After the methane is recovered, what comes out is a nutrient-rich sludge, high in nitrogen, potassium, phosphate and organic matter — basically, fertilizer. Bowerman anticipates theirs will eventually be certified organic, once they determine its final form. Meanwhile, they’re also separating the ammonia and carbon gas from the methane for beneficial use. Wasatch plans to be operational in fall 2018.

Of the more than 1,000 sewage treatment plants in the U.S., about 216 are co-digesting food waste alongside sewage. That means 83 percent don’t yet have a food-waste digester, which amounts to a lot of money and energy being left on the table.
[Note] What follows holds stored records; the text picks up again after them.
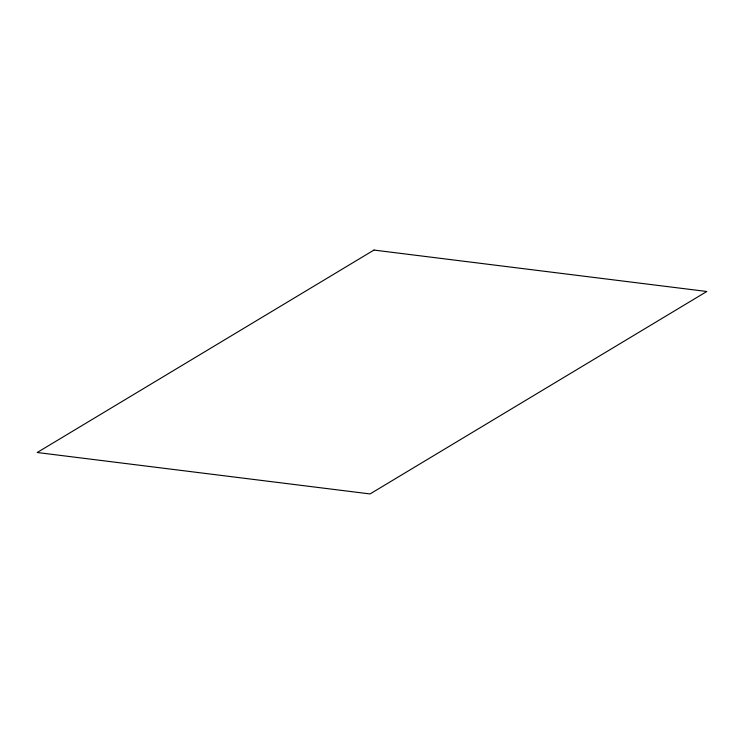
<?xml version="1.0" encoding="UTF-8"?>
<svg xmlns="http://www.w3.org/2000/svg" width="744" height="744" viewBox="0 0 744 744"><rect width="100%" height="100%" fill="white"/><g stroke="black" fill="none" stroke-linecap="round" stroke-linejoin="round"><path stroke-width="1.12" d="M373.944 250.068L37.2 452.51L370.056 493.932L706.8 291.49L373.944 250.068"/></g></svg>
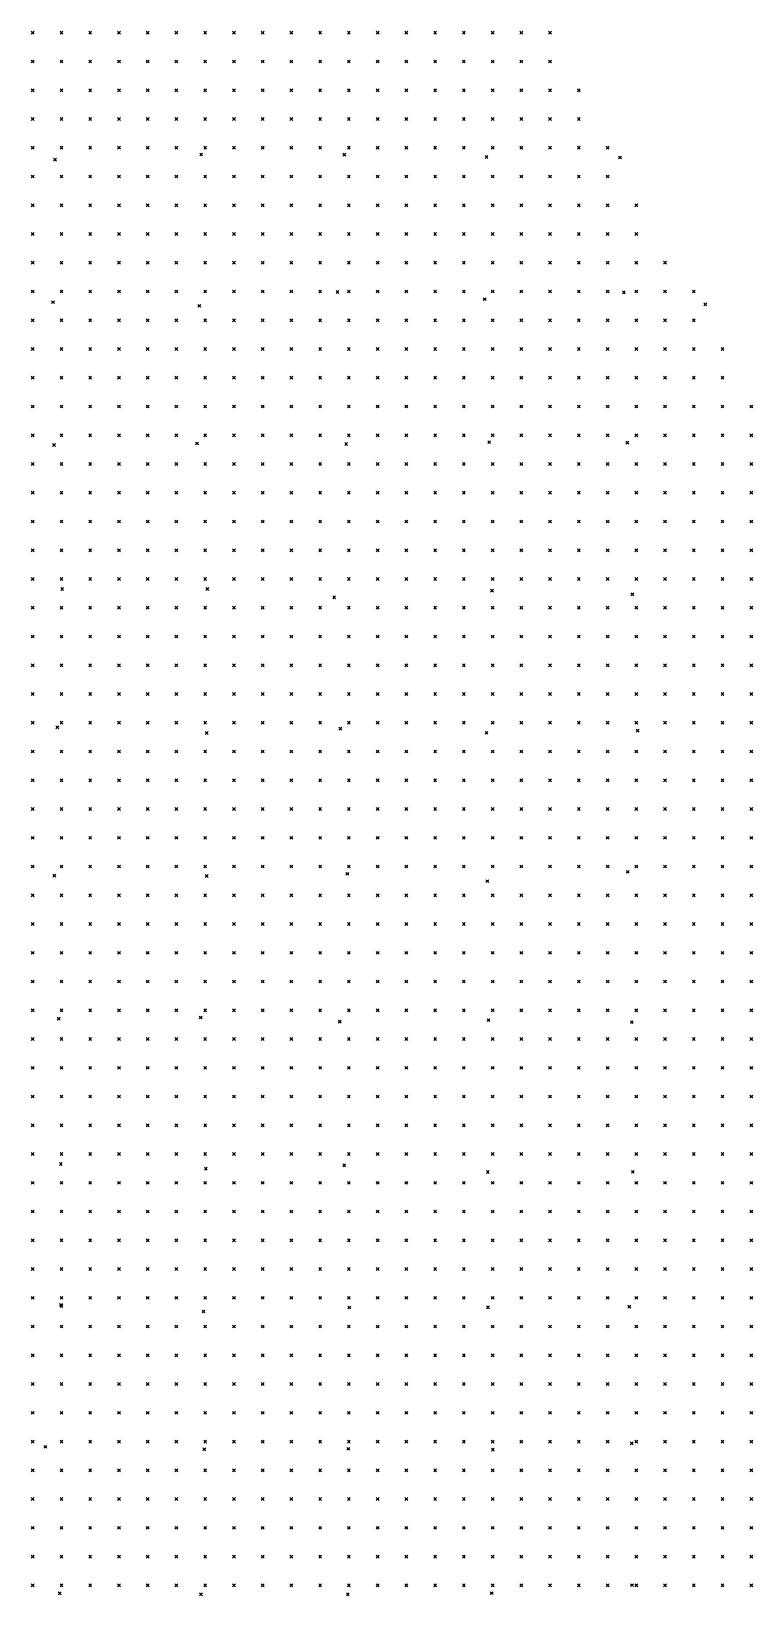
# Model space of a CAD drawing. Header units: metres. Extents: x 441556 to 446409, y 432338 to 461058.
# Drawn here: x 445750.2 to 445825.5, y 434114.6 to 434277.8 of the extents above; entities that cross this region are included whole.
import ezdxf

# ---------------------------------------------------------------- set-up
doc = ezdxf.new("R2010")
doc.units = ezdxf.units.M
doc.header["$MEASUREMENT"] = 0
doc.header["$PDMODE"] = 35
doc.header["$PDSIZE"] = 0.15
doc.layers.add('DTM-NOK-RevN_LIDAR_co_lidar', color=91, linetype='Continuous', lineweight=0)
doc.layers.add('DTM-NOK-RevN_RTK', color=32, linetype='Continuous', lineweight=0)

msp = doc.modelspace()

# ---------------------------------------------------------------- linework, layer by layer
at = {"layer": 'DTM-NOK-RevN_LIDAR_co_lidar'}
for p in [(445750.323, 434277.669, 320.329), (445753.323, 434277.669, 320.451), (445756.322, 434277.669, 320.449), (445759.322, 434277.669, 320.453), (445762.321, 434277.669, 320.499), (445765.32, 434277.669, 320.549), (445768.32, 434277.669, 320.56), (445771.319, 434277.669, 320.562), (445774.319, 434277.669, 320.556), (445777.318, 434277.669, 320.615), (445780.317, 434277.669, 320.642), (445783.317, 434277.669, 320.642), (445786.316, 434277.669, 320.655), (445789.315, 434277.669, 320.649), (445792.315, 434277.669, 320.656), (445795.314, 434277.669, 320.655), (445798.314, 434277.669, 320.648), (445801.313, 434277.669, 320.699), (445804.312, 434277.669, 320.774), (445750.323, 434274.67, 320.368), (445753.323, 434274.67, 320.415), (445756.322, 434274.67, 320.44), (445759.322, 434274.67, 320.447), (445762.321, 434274.67, 320.491), (445765.32, 434274.67, 320.521), (445768.32, 434274.67, 320.523), (445771.319, 434274.67, 320.502), (445774.319, 434274.67, 320.479), (445777.318, 434274.67, 320.509), (445780.317, 434274.67, 320.524), (445783.317, 434274.67, 320.587), (445786.316, 434274.67, 320.61), (445789.315, 434274.67, 320.685), (445792.315, 434274.67, 320.688), (445795.314, 434274.67, 320.691), (445798.314, 434274.67, 320.681), (445801.313, 434274.67, 320.746), (445804.312, 434274.67, 320.776), (445750.323, 434271.67, 320.756), (445753.323, 434271.67, 320.381), (445756.322, 434271.67, 320.319), (445759.322, 434271.67, 320.357), (445762.321, 434271.67, 320.39), (445765.32, 434271.67, 320.459), (445768.32, 434271.67, 320.468), (445771.319, 434271.67, 320.444), (445774.319, 434271.67, 320.461), (445777.318, 434271.67, 320.437), (445780.317, 434271.67, 320.426), (445783.317, 434271.67, 320.434), (445786.316, 434271.67, 320.504), (445789.315, 434271.67, 320.578), (445792.315, 434271.67, 320.646), (445795.314, 434271.67, 320.695), (445798.314, 434271.67, 320.703), (445801.313, 434271.67, 320.733), (445804.312, 434271.67, 320.713), (445807.312, 434271.67, 320.702), (445750.323, 434268.671, 320.723), (445753.323, 434268.671, 320.334), (445756.322, 434268.671, 320.191), (445759.322, 434268.671, 320.22), (445762.321, 434268.671, 320.31), (445765.32, 434268.671, 320.352), (445768.32, 434268.671, 320.36), (445771.319, 434268.671, 320.353), (445774.319, 434268.671, 320.355), (445777.318, 434268.671, 320.338), (445780.317, 434268.671, 320.332), (445783.317, 434268.671, 320.329), (445786.316, 434268.671, 320.379), (445789.315, 434268.671, 320.452), (445792.315, 434268.671, 320.555), (445795.314, 434268.671, 320.631), (445798.314, 434268.671, 320.672), (445801.313, 434268.671, 320.66), (445804.312, 434268.671, 320.643), (445807.312, 434268.671, 320.627), (445750.323, 434265.671, 320.707), (445753.323, 434265.671, 320.348), (445756.322, 434265.671, 320.139), (445759.322, 434265.671, 320.19), (445762.321, 434265.671, 320.261), (445765.32, 434265.671, 320.321), (445768.32, 434265.671, 320.381), (445771.319, 434265.671, 320.369), (445774.319, 434265.671, 320.319), (445777.318, 434265.671, 320.348), (445780.317, 434265.671, 320.372), (445783.317, 434265.671, 320.344), (445786.316, 434265.671, 320.401), (445789.315, 434265.671, 320.485), (445792.315, 434265.671, 320.568), (445795.314, 434265.671, 320.639), (445798.314, 434265.671, 320.673), (445801.313, 434265.671, 320.705), (445804.312, 434265.671, 320.681), (445807.312, 434265.671, 320.663), (445810.311, 434265.671, 320.638), (445750.323, 434262.672, 320.907), (445753.323, 434262.672, 320.532), (445756.322, 434262.672, 320.287), (445759.322, 434262.672, 320.25), (445762.321, 434262.672, 320.262), (445765.32, 434262.672, 320.36), (445768.32, 434262.672, 320.414), (445771.319, 434262.672, 320.398), (445774.319, 434262.672, 320.395), (445777.318, 434262.672, 320.39), (445780.317, 434262.672, 320.381), (445783.317, 434262.672, 320.435), (445786.316, 434262.672, 320.53), (445789.315, 434262.672, 320.627), (445792.315, 434262.672, 320.668), (445795.314, 434262.672, 320.729), (445798.314, 434262.672, 320.824), (445801.313, 434262.672, 320.822), (445804.312, 434262.672, 320.812), (445807.312, 434262.672, 320.84), (445810.311, 434262.672, 320.766), (445750.323, 434259.673, 320.574), (445753.323, 434259.673, 320.451), (445756.322, 434259.673, 320.362), (445759.322, 434259.673, 320.351), (445762.321, 434259.673, 320.443), (445765.32, 434259.673, 320.569), (445768.32, 434259.673, 320.709), (445771.319, 434259.673, 320.771), (445774.319, 434259.673, 320.743), (445777.318, 434259.673, 320.837), (445780.317, 434259.673, 320.951), (445783.317, 434259.673, 321.107), (445786.316, 434259.673, 321.229), (445789.315, 434259.673, 321.264), (445792.315, 434259.673, 321.425), (445795.314, 434259.673, 321.464), (445798.314, 434259.673, 321.365), (445801.313, 434259.673, 321.463), (445804.312, 434259.673, 321.592), (445807.312, 434259.673, 321.502), (445810.311, 434259.673, 321.478), (445813.311, 434259.673, 321.506), (445750.323, 434256.673, 320.432), (445753.323, 434256.673, 320.334), (445756.322, 434256.673, 320.347), (445759.322, 434256.673, 320.515), (445762.321, 434256.673, 320.673), (445765.32, 434256.673, 320.792), (445768.32, 434256.673, 321), (445771.319, 434256.673, 321.19), (445774.319, 434256.673, 321.222), (445777.318, 434256.673, 321.323), (445780.317, 434256.673, 321.407), (445783.317, 434256.673, 321.469), (445786.316, 434256.673, 321.534), (445789.315, 434256.673, 321.608), (445792.315, 434256.673, 321.693), (445795.314, 434256.673, 321.718), (445798.314, 434256.673, 321.702), (445801.313, 434256.673, 321.701), (445804.312, 434256.673, 321.68), (445807.312, 434256.673, 321.636), (445810.311, 434256.673, 321.634), (445813.311, 434256.673, 321.62), (445750.323, 434253.674, 320.519), (445753.323, 434253.674, 320.525), (445756.322, 434253.674, 320.527), (445759.322, 434253.674, 320.582), (445762.321, 434253.674, 320.721), (445765.32, 434253.674, 320.868), (445768.32, 434253.674, 321.005), (445771.319, 434253.674, 321.18), (445774.319, 434253.674, 321.298), (445777.318, 434253.674, 321.401), (445780.317, 434253.674, 321.405), (445783.317, 434253.674, 321.479), (445786.316, 434253.674, 321.568), (445789.315, 434253.674, 321.634), (445792.315, 434253.674, 321.645), (445795.314, 434253.674, 321.693), (445798.314, 434253.674, 321.752), (445801.313, 434253.674, 321.724), (445804.312, 434253.674, 321.763), (445807.312, 434253.674, 321.746), (445810.311, 434253.674, 321.714), (445813.311, 434253.674, 321.702), (445816.31, 434253.674, 321.686), (445750.323, 434250.675, 320.726), (445753.323, 434250.675, 320.693), (445756.322, 434250.675, 320.67), (445759.322, 434250.675, 320.732), (445762.321, 434250.675, 320.86), (445765.32, 434250.675, 320.931), (445768.32, 434250.675, 321.029), (445771.319, 434250.675, 321.174), (445774.319, 434250.675, 321.315), (445777.318, 434250.675, 321.351), (445780.317, 434250.675, 321.429), (445783.317, 434250.675, 321.504), (445786.316, 434250.675, 321.547), (445789.315, 434250.675, 321.601), (445792.315, 434250.675, 321.652), (445795.314, 434250.675, 321.699), (445798.314, 434250.675, 321.726), (445801.313, 434250.675, 321.707), (445804.312, 434250.675, 321.724), (445807.312, 434250.675, 321.721), (445810.311, 434250.675, 321.712), (445813.311, 434250.675, 321.695), (445816.31, 434250.675, 321.647), (445819.309, 434250.675, 321.657), (445750.323, 434247.675, 320.82), (445753.323, 434247.675, 320.79), (445756.322, 434247.675, 320.786), (445759.322, 434247.675, 320.838), (445762.321, 434247.675, 320.943), (445765.32, 434247.675, 321.061), (445768.32, 434247.675, 321.19), (445771.319, 434247.675, 321.31), (445774.319, 434247.675, 321.449), (445777.318, 434247.675, 321.539), (445780.317, 434247.675, 321.598), (445783.317, 434247.675, 321.671), (445786.316, 434247.675, 321.734), (445789.315, 434247.675, 321.816), (445792.315, 434247.675, 321.821), (445795.314, 434247.675, 321.864), (445798.314, 434247.675, 321.891), (445801.313, 434247.675, 321.825), (445804.312, 434247.675, 321.728), (445807.312, 434247.675, 321.707), (445810.311, 434247.675, 321.688), (445813.311, 434247.675, 321.666), (445816.31, 434247.675, 321.634), (445819.309, 434247.675, 321.649), (445750.323, 434244.676, 320.776), (445753.323, 434244.676, 320.751), (445756.322, 434244.676, 320.794), (445759.322, 434244.676, 320.846), (445762.321, 434244.676, 321.006), (445765.32, 434244.676, 321.196), (445768.32, 434244.676, 321.288), (445771.319, 434244.676, 321.403), (445774.319, 434244.676, 321.492), (445777.318, 434244.676, 321.593), (445780.317, 434244.676, 321.66), (445783.317, 434244.676, 321.706), (445786.316, 434244.676, 321.809), (445789.315, 434244.676, 321.87), (445792.315, 434244.676, 321.909), (445795.314, 434244.676, 321.924), (445798.314, 434244.676, 321.97), (445801.313, 434244.676, 321.885), (445804.312, 434244.676, 321.839), (445807.312, 434244.676, 321.813), (445810.311, 434244.676, 321.844), (445813.311, 434244.676, 321.849), (445816.31, 434244.676, 321.821), (445819.309, 434244.676, 321.818), (445822.309, 434244.676, 321.84), (445750.323, 434241.676, 320.867), (445753.323, 434241.676, 320.862), (445756.322, 434241.676, 320.885), (445759.322, 434241.676, 320.904), (445762.321, 434241.676, 321.043), (445765.32, 434241.676, 321.291), (445768.32, 434241.676, 321.326), (445771.319, 434241.676, 321.358), (445774.319, 434241.676, 321.437), (445777.318, 434241.676, 321.512), (445780.317, 434241.676, 321.543), (445783.317, 434241.676, 321.596), (445786.316, 434241.676, 321.692), (445789.315, 434241.676, 321.722), (445792.315, 434241.676, 321.794), (445795.314, 434241.676, 321.794), (445798.314, 434241.676, 321.794), (445801.313, 434241.676, 321.815), (445804.312, 434241.676, 321.782), (445807.312, 434241.676, 321.794), (445810.311, 434241.676, 321.853), (445813.311, 434241.676, 321.878), (445816.31, 434241.676, 321.858), (445819.309, 434241.676, 321.879), (445822.309, 434241.676, 321.898), (445750.323, 434238.677, 320.994), (445753.323, 434238.677, 321.025), (445756.322, 434238.677, 320.971), (445759.322, 434238.677, 320.989), (445762.321, 434238.677, 321.161), (445765.32, 434238.677, 321.292), (445768.32, 434238.677, 321.32), (445771.319, 434238.677, 321.348), (445774.319, 434238.677, 321.429), (445777.318, 434238.677, 321.521), (445780.317, 434238.677, 321.555), (445783.317, 434238.677, 321.574), (445786.316, 434238.677, 321.652), (445789.315, 434238.677, 321.704), (445792.315, 434238.677, 321.699), (445795.314, 434238.677, 321.713), (445798.314, 434238.677, 321.735), (445801.313, 434238.677, 321.709), (445804.312, 434238.677, 321.699), (445807.312, 434238.677, 321.691), (445810.311, 434238.677, 321.693), (445813.311, 434238.677, 321.774), (445816.31, 434238.677, 321.797), (445819.309, 434238.677, 321.851), (445822.309, 434238.677, 321.867), (445825.308, 434238.677, 321.92), (445750.323, 434235.678, 321.02), (445753.323, 434235.678, 321.041), (445756.322, 434235.678, 321.015), (445759.322, 434235.678, 321.055), (445762.321, 434235.678, 321.109), (445765.32, 434235.678, 321.213), (445768.32, 434235.678, 321.324), (445771.319, 434235.678, 321.391), (445774.319, 434235.678, 321.481), (445777.318, 434235.678, 321.523), (445780.317, 434235.678, 321.595), (445783.317, 434235.678, 321.664), (445786.316, 434235.678, 321.703), (445789.315, 434235.678, 321.745), (445792.315, 434235.678, 321.766), (445795.314, 434235.678, 321.801), (445798.314, 434235.678, 321.806), (445801.313, 434235.678, 321.799), (445804.312, 434235.678, 321.783), (445807.312, 434235.678, 321.788), (445810.311, 434235.678, 321.774), (445813.311, 434235.678, 321.793), (445816.31, 434235.678, 321.812), (445819.309, 434235.678, 321.861), (445822.309, 434235.678, 321.861), (445825.308, 434235.678, 321.88), (445750.323, 434232.678, 320.915), (445753.323, 434232.678, 320.94), (445756.322, 434232.678, 320.96), (445759.322, 434232.678, 320.988), (445762.321, 434232.678, 321.053), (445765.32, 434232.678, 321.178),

While pioneers like Wasatch are taking this plunge, the whole waste-to-energy industry is still coming of age. Groundbreaking advancements are frequent: Scientists at Cornell University have been playing with a process called hydrothermal liquefaction, which is a fancy way of saying “pressure-cook the food waste into oblivion.” It’s a process that recalls the way dinosaurs and their ecosystems were turned into oil under the ground. In the case of hydrothermal liquefaction, heat and pressure combine to turn food waste into an oily liquid that digests in days, rather than weeks, with more complete digestion and energy extraction.

Meanwhile, 97 percent of food waste is still getting away — for the moment anyway. But it’s only a matter of time before this low-hanging food waste will be plucked, because we can’t can afford not to.

“We wouldn’t take a barrel of oil and bury it,” Bowerman says. “And that is what we are doing with our food waste.”

COUNTERTOP COMBUSTION

The largest garbage disposal company in the world, Emerson, wants into the food-waste energy business. Any food industry player of a certain size that deals with large amounts of raw food can install Emerson’s subunit called Grind2Energy in a food disposal area. It includes a stainless steel work area, sink and a very powerful garbage disposal. Plumbing connects it to a special holding tank for the slurry, which features a sensor that notifies Grind2Energy when it’s time to be emptied. The free service saves the client in waste transport, disposal fees and kitchen labor.